Material to process:

^^^^

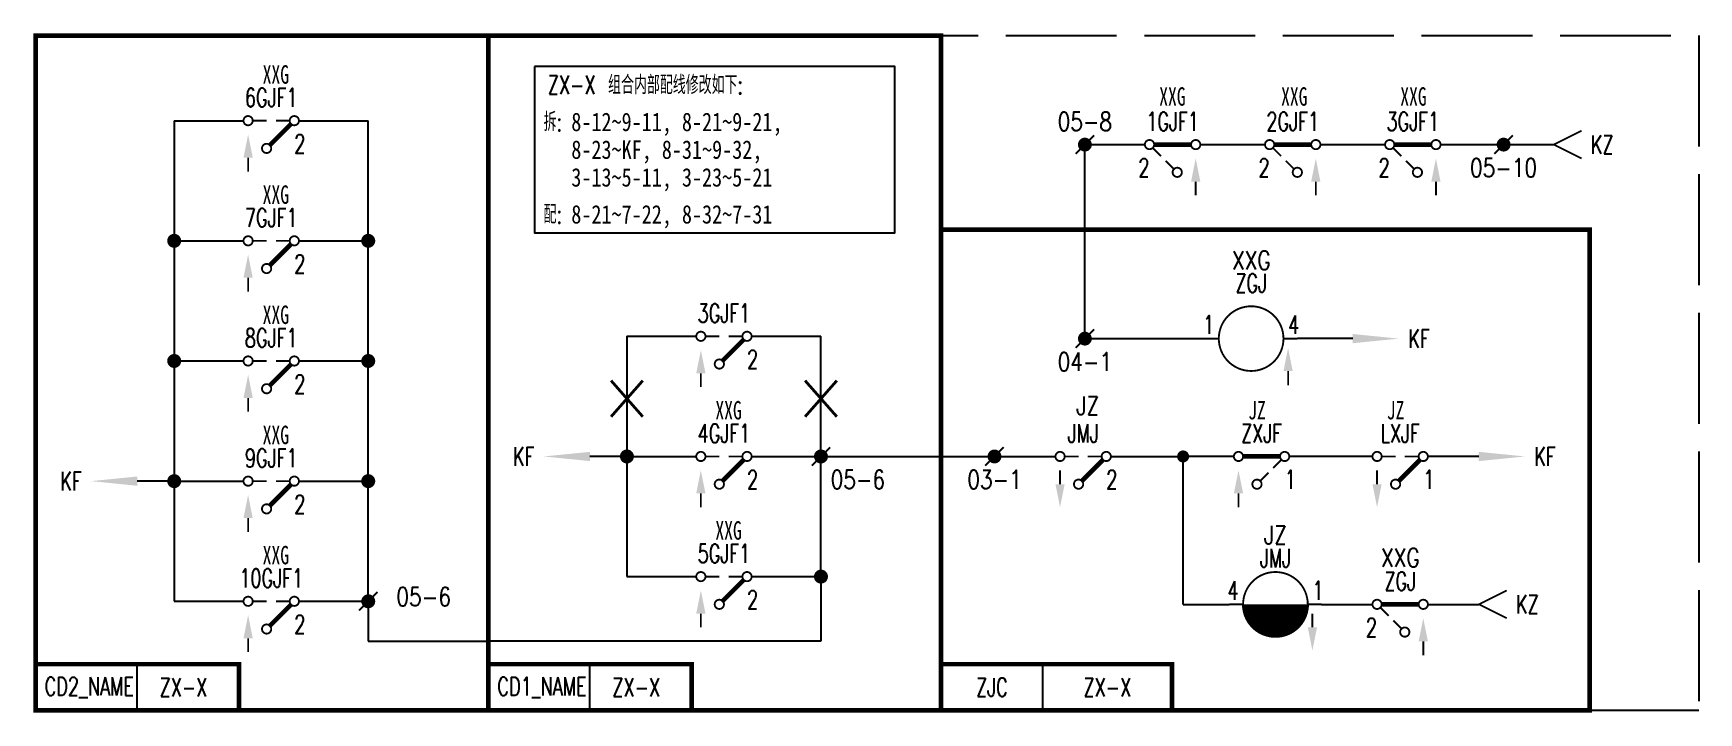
# Model space of a CAD drawing. Header units: millimetres. Extents: x -180 to 0, y -73 to 0.
import ezdxf
from ezdxf.enums import TextEntityAlignment as Align

# ---------------------------------------------------------------- set-up
doc = ezdxf.new("R2010")
doc.units = ezdxf.units.MM
doc.linetypes.add('ACAD_ISO02W100', pattern=[15, 12, -3])
doc.layers.add('hide', color=7, linetype='Continuous')
doc.layers.add('tie', color=7, linetype='Continuous')
doc.styles.add('HZ', font='TXT', dxfattribs={"width": 0.7, "bigfont": 'HZTXT'})

msp = doc.modelspace()

# ---------------------------------------------------------------- linework, layer by layer
at = {"color": 7}
for p, q in [((-165, -9.2), (-165, -61.2)), ((-165, -9.2), (-157.5, -9.2)), ((-151.5, -9.2), (-144, -9.2)), ((-144, -61.2), (-144, -9.2)), ((-66.44, -11.79), (-59.94, -11.79)), ((-66.44, -32.78), (-66.44, -11.79)), ((-53.94, -11.79), (-46.94, -11.79)), ((-40.94, -11.79), (-33.94, -11.79)), ((-27.94, -11.79), (-15.68, -11.79)), ((-165, -22.2), (-157.5, -22.2)), ((-151.5, -22.2), (-144, -22.2)), ((-116, -32.53), (-116, -58.53)), ((-116, -32.53), (-108.5, -32.53)), ((-102.5, -32.53), (-95, -32.53)), ((-95, -58.53), (-95, -32.53)), ((-66.44, -32.78), (-53.44, -32.78)), ((-37.44, -32.78), (-43.44, -32.78)), ((-165, -35.2), (-157.5, -35.2)), ((-151.5, -35.2), (-144, -35.2)), ((-116, -45.53), (-120, -45.53)), ((-116, -45.53), (-108.5, -45.53)), ((-102.5, -45.53), (-95, -45.53)), ((-95, -45.53), (-82, -45.53)), ((-55.81, -61.53), (-55.81, -45.53)), ((-50.31, -45.53), (-55.81, -45.53)), ((-35.31, -45.53), (-44.31, -45.53)), ((-23.81, -45.53), (-29.31, -45.53)), ((-165, -48.2), (-169, -48.2)), ((-165, -48.2), (-157.5, -48.2)), ((-151.5, -48.2), (-144, -48.2)), ((-116, -58.53), (-108.5, -58.53)), ((-102.5, -58.53), (-95, -58.53)), ((-95, -58.53), (-95, -65.53)), ((-165, -61.2), (-157.5, -61.2)), ((-151.5, -61.2), (-144, -61.2)), ((-144, -61.2), (-144, -65.53)), ((-55.81, -61.53), (-50.81, -61.53)), ((-40.81, -61.53), (-35.31, -61.53)), ((-29.31, -61.53), (-23.78, -61.53)), ((-144, -65.53), (-131, -65.53)), ((-95, -65.53), (-131, -65.53)), ((-169, -73), (-169, -68)), ((-120, -73), (-120, -68)), ((-71, -73), (-71, -68))]:
    msp.add_line(p, q, dxfattribs=at)
at = {"linetype": 'ByBlock'}
for p, q in [((-82, -45.53), (-69.62, -45.53)), ((-63.62, -45.53), (-55.81, -45.53))]:
    msp.add_line(p, q, dxfattribs=at)
for points, const_width in [([(-180, -73), (-131, -73), (-131, 0), (-180, 0), (-180, -73)], 0.5), ([(-131, -73), (-82, -73), (-82, 0), (-131, 0), (-131, -73)], 0.5), ([(-44.44, -36.28), (-44.44, -37.85)], 0.2), ([(-20.78, -60.03), (-23.78, -61.53), (-20.78, -63.03)], 0.2), ([(-180, -68), (-180, -73), (-158, -73)], 0.5), ([(-131, -68), (-131, -73), (-109, -73)], 0.5)]:
    msp.add_lwpolyline(points, dxfattribs=dict(const_width=const_width))
msp.add_lwpolyline([(-126.02, -3.33), (-126.02, -21.33), (-87.02, -21.33), (-87.02, -3.33), (-126.02, -3.33)])
at = {"color": 7}
for points, const_width in [([(-157, -9.7, -1), (-157, -8.7, -1), (-157, -9.7)], 0.2), ([(-152, -9.7, -1), (-152, -8.7, -1), (-152, -9.7)], 0.2), ([(-155, -12.7, -1), (-155, -11.7, -1), (-155, -12.7)], 0.2), ([(-59.44, -11.29, -1), (-59.44, -12.29, -1), (-59.44, -11.29)], 0.2), ([(-54.44, -11.29, -1), (-54.44, -12.29, -1), (-54.44, -11.29)], 0.2), ([(-46.44, -11.29, -1), (-46.44, -12.29, -1), (-46.44, -11.29)], 0.2), ([(-41.44, -11.29, -1), (-41.44, -12.29, -1), (-41.44, -11.29)], 0.2), ([(-33.44, -11.29, -1), (-33.44, -12.29, -1), (-33.44, -11.29)], 0.2), ([(-28.44, -11.29, -1), (-28.44, -12.29, -1), (-28.44, -11.29)], 0.2), ([(-56.44, -14.29, -1), (-56.44, -15.29, -1), (-56.44, -14.29)], 0.2), ([(-43.44, -14.29, -1), (-43.44, -15.29, -1), (-43.44, -14.29)], 0.2), ([(-30.44, -14.29, -1), (-30.44, -15.29, -1), (-30.44, -14.29)], 0.2), ([(-157, -22.7, -1), (-157, -21.7, -1), (-157, -22.7)], 0.2), ([(-152, -22.7, -1), (-152, -21.7, -1), (-152, -22.7)], 0.2), ([(-155, -25.7, -1), (-155, -24.7, -1), (-155, -25.7)], 0.2), ([(-108, -33.03, -1), (-108, -32.03, -1), (-108, -33.03)], 0.2), ([(-103, -33.03, -1), (-103, -32.03, -1), (-103, -33.03)], 0.2), ([(-157, -35.7, -1), (-157, -34.7, -1), (-157, -35.7)], 0.2), ([(-152, -35.7, -1), (-152, -34.7, -1), (-152, -35.7)], 0.2), ([(-106, -36.03, -1), (-106, -35.03, -1), (-106, -36.03)], 0.2), ([(-155, -38.7, -1), (-155, -37.7, -1), (-155, -38.7)], 0.2), ([(-108, -46.03, -1), (-108, -45.03, -1), (-108, -46.03)], 0.2), ([(-103, -46.03, -1), (-103, -45.03, -1), (-103, -46.03)], 0.2), ([(-69.12, -46.03, -1), (-69.12, -45.03, -1), (-69.12, -46.03)], 0.2), ([(-64.12, -46.03, -1), (-64.12, -45.03, -1), (-64.12, -46.03)], 0.2), ([(-49.81, -46.03, -1), (-49.81, -45.03, -1), (-49.81, -46.03)], 0.2), ([(-44.81, -46.03, -1), (-44.81, -45.03, -1), (-44.81, -46.03)], 0.2), ([(-34.81, -46.03, -1), (-34.81, -45.03, -1), (-34.81, -46.03)], 0.2), ([(-29.81, -46.03, -1), (-29.81, -45.03, -1), (-29.81, -46.03)], 0.2), ([(-157, -48.7, -1), (-157, -47.7, -1), (-157, -48.7)], 0.2), ([(-152, -48.7, -1), (-152, -47.7, -1), (-152, -48.7)], 0.2), ([(-106, -49.03, -1), (-106, -48.03, -1), (-106, -49.03)], 0.2), ([(-67.12, -49.03, -1), (-67.12, -48.03, -1), (-67.12, -49.03)], 0.2), ([(-47.81, -49.03, -1), (-47.81, -48.03, -1), (-47.81, -49.03)], 0.2), ([(-32.81, -49.03, -1), (-32.81, -48.03, -1), (-32.81, -49.03)], 0.2), ([(-155, -51.7, -1), (-155, -50.7, -1), (-155, -51.7)], 0.2), ([(-108, -59.03, -1), (-108, -58.03, -1), (-108, -59.03)], 0.2), ([(-103, -59.03, -1), (-103, -58.03, -1), (-103, -59.03)], 0.2), ([(-157, -61.7, -1), (-157, -60.7, -1), (-157, -61.7)], 0.2), ([(-152, -61.7, -1), (-152, -60.7, -1), (-152, -61.7)], 0.2), ([(-106, -62.03, -1), (-106, -61.03, -1), (-106, -62.03)], 0.2), ([(-45.81, -63.34, -0.414214), (-47.62, -61.53)], 3.62), ([(-43.99, -61.53, -0.414214), (-45.81, -63.34)], 3.62), ([(-34.81, -61.03, -1), (-34.81, -62.03, -1), (-34.81, -61.03)], 0.2), ([(-29.81, -61.03, -1), (-29.81, -62.03, -1), (-29.81, -61.03)], 0.2), ([(-155, -64.7, -1), (-155, -63.7, -1), (-155, -64.7)], 0.2), ([(-31.81, -64.03, -1), (-31.81, -65.03, -1), (-31.81, -64.03)], 0.2)]:
    msp.add_lwpolyline(points, format="xyb", dxfattribs=dict(at, const_width=const_width))
for points, const_width in [([(-155, -9.2), (-156.5, -9.2)], 0.2), ([(-154.73, -11.93), (-152.36, -9.56)], 0.5), ([(-152.5, -9.2), (-154, -9.2)], 0.2), ([(-67.44, -12.79), (-65.44, -10.79)], 0.2), ([(-22.12, -12.79), (-20.12, -10.79)], 0.2), ([(-12.68, -10.29), (-15.68, -11.79), (-12.68, -13.29)], 0.2), ([(-58.19, -13.04), (-59.13, -12.1)], 0.2), ([(-54.94, -11.79), (-58.94, -11.79)], 0.5), ([(-45.19, -13.04), (-46.13, -12.1)], 0.2), ([(-41.94, -11.79), (-45.94, -11.79)], 0.5), ([(-32.19, -13.04), (-33.13, -12.1)], 0.2), ([(-28.94, -11.79), (-32.94, -11.79)], 0.5), ([(-157, -13.2), (-157, -14.7)], 0.2), ([(-56.76, -14.47), (-57.69, -13.54)], 0.2), ([(-43.76, -14.47), (-44.69, -13.54)], 0.2), ([(-30.76, -14.47), (-31.69, -13.54)], 0.2), ([(-54.44, -15.79), (-54.44, -17.29)], 0.2), ([(-41.44, -15.79), (-41.44, -17.29)], 0.2), ([(-28.44, -15.79), (-28.44, -17.29)], 0.2), ([(-82, -21), (-11.81, -21), (-11.81, -73), (-82, -73), (-82, -21), (-82, -21)], 0.5), ([(-155, -22.2), (-156.5, -22.2)], 0.2), ([(-154.73, -24.93), (-152.36, -22.56)], 0.5), ([(-152.5, -22.2), (-154, -22.2)], 0.2), ([(-157, -26.2), (-157, -27.7)], 0.2), ([(-106, -32.53), (-107.5, -32.53)], 0.2), ([(-103.5, -32.53), (-105, -32.53)], 0.2), ([(-67.44, -33.78), (-65.44, -31.78)], 0.2), ([(-105.73, -35.26), (-103.36, -32.89)], 0.5), ([(-51.94, -32.78), (-53.44, -32.78)], 0.2), ([(-44.94, -32.78), (-43.44, -32.78)], 0.2), ([(-155, -35.2), (-156.5, -35.2)], 0.2), ([(-154.73, -37.93), (-152.36, -35.56)], 0.5), ([(-152.5, -35.2), (-154, -35.2)], 0.2), ([(-108, -36.53), (-108, -38.03)], 0.2), ([(-157, -39.2), (-157, -40.7)], 0.2), ([(-96, -46.53), (-94, -44.53)], 0.2), ([(-77.22, -46.53), (-75.22, -44.53)], 0.2), ([(-106, -45.53), (-107.5, -45.53)], 0.2), ([(-105.73, -48.26), (-103.36, -45.89)], 0.5), ([(-103.5, -45.53), (-105, -45.53)], 0.2), ([(-67.12, -45.53), (-68.62, -45.53)], 0.2), ([(-66.85, -48.26), (-64.48, -45.89)], 0.5), ([(-64.62, -45.53), (-66.12, -45.53)], 0.2), ([(-49.31, -45.53), (-45.31, -45.53)], 0.5), ([(-45.13, -45.85), (-46.06, -46.78)], 0.2), ([(-32.81, -45.53), (-34.31, -45.53)], 0.2), ([(-32.54, -48.26), (-30.16, -45.89)], 0.5), ([(-30.31, -45.53), (-31.81, -45.53)], 0.2), ([(-155, -48.2), (-156.5, -48.2)], 0.2), ([(-154.73, -50.93), (-152.36, -48.56)], 0.5), ([(-152.5, -48.2), (-154, -48.2)], 0.2), ([(-69.12, -48.53), (-69.12, -47.03)], 0.2), ([(-46.56, -47.28), (-47.5, -48.22)], 0.2), ([(-34.81, -48.53), (-34.81, -47.03)], 0.2), ([(-108, -49.53), (-108, -51.03)], 0.2), ([(-49.81, -49.53), (-49.81, -51.03)], 0.2), ([(-157, -52.2), (-157, -53.7)], 0.2), ([(-106, -58.53), (-107.5, -58.53)], 0.2), ([(-105.73, -61.26), (-103.36, -58.89)], 0.5), ([(-103.5, -58.53), (-105, -58.53)], 0.2), ([(-155, -61.2), (-156.5, -61.2)], 0.2), ([(-152.5, -61.2), (-154, -61.2)], 0.2), ([(-145, -62.2), (-143, -60.2)], 0.2), ([(-30.31, -61.53), (-34.31, -61.53)], 0.5), ([(-154.73, -63.93), (-152.36, -61.56)], 0.5), ([(-108, -62.53), (-108, -64.03)], 0.2), ([(-49.31, -61.53), (-50.81, -61.53)], 0.2), ([(-42.31, -61.53), (-40.81, -61.53)], 0.2), ([(-41.81, -64.03), (-41.81, -62.53)], 0.2), ([(-33.56, -62.78), (-34.5, -61.84)], 0.2), ([(-32.13, -64.21), (-33.06, -63.28)], 0.2), ([(-157, -65.2), (-157, -66.7)], 0.2), ([(-29.81, -65.53), (-29.81, -67.03)], 0.2), ([(-180, -68), (-158, -68), (-158, -73)], 0.5), ([(-131, -68), (-109, -68), (-109, -73)], 0.5), ([(-82, -68), (-57, -68), (-57, -73)], 0.5), ([(-82, -68), (-82, -73), (-57, -73)], 0.5)]:
    msp.add_lwpolyline(points, dxfattribs=dict(at, const_width=const_width))
for points, const_width in [([(-66.81, -11.79, 1), (-66.06, -11.79, 1)], 0.75), ([(-21.49, -11.79, 1), (-20.74, -11.79, 1)], 0.75), ([(-165.38, -22.2, 1), (-164.62, -22.2, 1)], 0.75), ([(-144.38, -22.2, 1), (-143.62, -22.2, 1)], 0.75), ([(-51.94, -32.78, 1), (-44.94, -32.78, 1)], 0.2), ([(-66.81, -32.78, 1), (-66.06, -32.78, 1)], 0.75), ([(-165.38, -35.2, 1), (-164.62, -35.2, 1)], 0.75), ([(-144.38, -35.2, 1), (-143.62, -35.2, 1)], 0.75), ([(-116.38, -45.53, 1), (-115.62, -45.53, 1)], 0.75), ([(-95.38, -45.53, 1), (-94.62, -45.53, 1)], 0.75), ([(-76.59, -45.53, 1), (-75.84, -45.53, 1)], 0.75), ([(-56.13, -45.53, 1), (-55.48, -45.53, 1)], 0.65), ([(-165.38, -48.2, 1), (-164.62, -48.2, 1)], 0.75), ([(-144.38, -48.2, 1), (-143.62, -48.2, 1)], 0.75), ([(-95.38, -58.53, 1), (-94.62, -58.53, 1)], 0.75), ([(-49.31, -61.53, 1), (-42.31, -61.53, 1)], 0.2), ([(-144.38, -61.2, 1), (-143.62, -61.2, 1)], 0.75)]:
    msp.add_lwpolyline(points, format="xyb", close=True, dxfattribs=dict(at, const_width=const_width))
at = {"color": 1, "const_width": 0.308}
for points in [[(-117.72, -37.32), (-114.28, -41.23)], [(-114.28, -37.32), (-117.72, -41.23)], [(-96.72, -37.32), (-93.28, -41.23)], [(-93.28, -37.32), (-96.72, -41.23)]]:
    msp.add_lwpolyline(points, dxfattribs=at)
at = {"color": 7}
for points in [[(-157.5, -13.2), (-156.5, -13.2), (-157, -10.7)], [(-54.94, -15.79), (-53.94, -15.79), (-54.44, -13.29)], [(-41.94, -15.79), (-40.94, -15.79), (-41.44, -13.29)], [(-28.94, -15.79), (-27.94, -15.79), (-28.44, -13.29)], [(-157.5, -26.2), (-156.5, -26.2), (-157, -23.7)], [(-37.44, -33.28), (-37.44, -32.28), (-32.44, -32.78)], [(-108.5, -36.53), (-107.5, -36.53), (-108, -34.03)], [(-44.94, -36.28), (-43.94, -36.28), (-44.44, -33.78)], [(-157.5, -39.2), (-156.5, -39.2), (-157, -36.7)], [(-120, -45.03), (-120, -46.03), (-125, -45.53)], [(-23.81, -46.03), (-23.81, -45.03), (-18.81, -45.53)], [(-169, -47.7), (-169, -48.7), (-174, -48.2)], [(-108.5, -49.53), (-107.5, -49.53), (-108, -47.03)], [(-68.62, -48.53), (-69.62, -48.53), (-69.12, -51.03)], [(-50.31, -49.53), (-49.31, -49.53), (-49.81, -47.03)], [(-34.31, -48.53), (-35.31, -48.53), (-34.81, -51.03)], [(-157.5, -52.2), (-156.5, -52.2), (-157, -49.7)], [(-108.5, -62.53), (-107.5, -62.53), (-108, -60.03)], [(-157.5, -65.2), (-156.5, -65.2), (-157, -62.7)], [(-30.31, -65.53), (-29.31, -65.53), (-29.81, -63.03)], [(-41.31, -64.03), (-42.31, -64.03), (-41.81, -66.53)]]:
    msp.add_solid(points, dxfattribs=at)
at = {"layer": 'hide', "color": 3, "linetype": 'ACAD_ISO02W100'}
msp.add_lwpolyline([(-180, 0), (0, 0), (0, -73), (-180, -73)], close=True, dxfattribs=at)

# ---------------------------------------------------------------- texts
at = {"color": 3, "width": 0.7}
for s, p in [('XXG', (-154, -4.2)), ('XXG', (-56.96, -6.58)), ('XXG', (-43.77, -6.58)), ('XXG', (-30.87, -6.58)), ('XXG', (-154, -17.2)), ('XXG', (-154, -30.2)), ('XXG', (-105, -40.53)), ('JZ', (-47.81, -40.53)), ('JZ', (-32.81, -40.53)), ('XXG', (-154, -43.2)), ('XXG', (-105, -53.53)), ('XXG', (-154, -56.2))]:
    msp.add_text(s, height=2, dxfattribs=at).set_placement(p, align=Align.MIDDLE)
at = {"color": 3, "style": 'HZ'}
for s, width, p in [('ZX-X', 0.7, (-121.98, -6.33)), ('XXG', 0.8, (-48.42, -25.31)), ('JZ', 0.8, (-66.12, -41.03)), ('JZ', 0.8, (-45.81, -55.03)), ('XXG', 0.8, (-32.3, -57.48))]:
    msp.add_text(s, height=2, dxfattribs=dict(at, width=width)).set_placement(p, align=Align.CENTER)
at = {"style": 'HZ', "width": 0.7}
for s, p in [('组合内部配线修改如下:', (-118.04, -6.33)), ('KZ', (-19.78, -62.53))]:
    msp.add_text(s, height=2, dxfattribs=at).set_placement(p)
at = {"color": 7, "style": 'HZ', "width": 0.7}
for s, p in [('6GJF1', (-154.5, -7.7)), ('1GJF1', (-56.94, -10.29)), ('2GJF1', (-43.94, -10.29)), ('3GJF1', (-30.94, -10.29)), ('7GJF1', (-154.5, -20.7)), ('ZGJ', (-48.44, -27.78)), ('3GJF1', (-105.5, -31.03)), ('8GJF1', (-154.5, -33.7)), ('4GJF1', (-105.5, -44.03)), ('JMJ', (-66.62, -44.03)), ('ZXJF', (-47.31, -44.03)), ('LXJF', (-32.31, -44.03)), ('9GJF1', (-154.5, -46.7)), ('5GJF1', (-105.5, -57.03)), ('JMJ', (-45.81, -57.53)), ('10GJF1', (-154.5, -59.7)), ('ZGJ', (-32.31, -60.03))]:
    msp.add_text(s, height=2, dxfattribs=at).set_placement(p, align=Align.CENTER)
at = {"style": 'HZ', "width": 0.7}
for s, p in [('拆:', (-123.02, -10.33)), ('配:', (-123.02, -20.33))]:
    msp.add_text(s, height=2, dxfattribs=at).set_placement(p, align=Align.RIGHT)
at = {"width": 0.8}
for s, p in [('8-12~9-11, 8-21~9-21,', (-122.02, -10.33)), ('8-23~KF, 8-31~9-32,', (-122.02, -13.33)), ('3-13~5-11, 3-23~5-21', (-122.02, -16.33)), ('8-21~7-22, 8-32~7-31', (-122.02, -20.33))]:
    msp.add_text(s, height=2, dxfattribs=at).set_placement(p)
at = {"color": 7, "style": 'HZ', "width": 0.7}
for s, p in [('2', (-152, -12.7)), ('2', (-152, -25.7)), ('4', (-44.44, -32.28)), ('KF', (-31.44, -33.78)), ('2', (-103, -36.03)), ('2', (-152, -38.7)), ('KF', (-17.81, -46.53)), ('2', (-103, -49.03)), ('2', (-64.12, -49.03)), ('1', (-44.81, -49.03)), ('1', (-29.81, -49.03)), ('2', (-152, -51.7)), ('1', (-41.81, -61.03)), ('2', (-103, -62.03)), ('2', (-152, -64.7))]:
    msp.add_text(s, height=2, dxfattribs=at).set_placement(p)
for s, p in [('2', (-59.44, -15.29)), ('2', (-46.44, -15.29)), ('2', (-33.44, -15.29)), ('1', (-52.44, -32.28)), ('KF', (-126, -46.53)), ('KF', (-175, -49.2)), ('4', (-49.81, -61.03)), ('2', (-34.81, -65.03))]:
    msp.add_text(s, height=2, dxfattribs=at).set_placement(p, align=Align.RIGHT)
at = {"color": 3, "style": 'HZ', "width": 0.7}
for s, p in [('CD2_NAME', (-174.2, -70.5)), ('ZX-X', (-164, -70.5)), ('CD1_NAME', (-125.2, -70.5)), ('ZX-X', (-115, -70.5))]:
    msp.add_text(s, height=2, dxfattribs=at).set_placement(p, align=Align.MIDDLE)
at = {"color": 7, "style": 'HZ', "width": 0.7}
msp.add_text('ZJC', height=2, dxfattribs=at).set_placement((-76.5, -70.5), align=Align.MIDDLE)
at = {"color": 6, "style": 'HZ', "width": 0.7}
msp.add_text('ZX-X', height=2, dxfattribs=at).set_placement((-64, -70.5), align=Align.MIDDLE)
at = {"layer": 'tie', "color": 3, "style": 'HZ', "width": 0.8}
for s, p in [('05-8', (-66.44, -10.29)), ('05-10', (-21.12, -15.29)), ('04-1', (-66.44, -36.28)), ('05-6', (-91, -49.03)), ('03-1', (-76.22, -49.03)), ('05-6', (-138, -61.7))]:
    msp.add_text(s, height=2, dxfattribs=at).set_placement(p, align=Align.CENTER)
at = {"layer": 'tie', "color": 1, "style": 'HZ', "width": 0.7}
msp.add_text('KZ', height=2, dxfattribs=at).set_placement((-11.68, -12.79))

doc.saveas('drawing.dxf')

^^^^

Exercise: Take the lines above from the one containing "from ezdxf.enums import" down to the one containing "msp = doc.modelspace()", and transcribe them exactly, both ends included.

Answer to this problem:
from ezdxf.enums import TextEntityAlignment as Align

# ---------------------------------------------------------------- set-up
doc = ezdxf.new("R2010")
doc.units = ezdxf.units.MM
doc.linetypes.add('ACAD_ISO02W100', pattern=[15, 12, -3])
doc.layers.add('hide', color=7, linetype='Continuous')
doc.layers.add('tie', color=7, linetype='Continuous')
doc.styles.add('HZ', font='TXT', dxfattribs={"width": 0.7, "bigfont": 'HZTXT'})

msp = doc.modelspace()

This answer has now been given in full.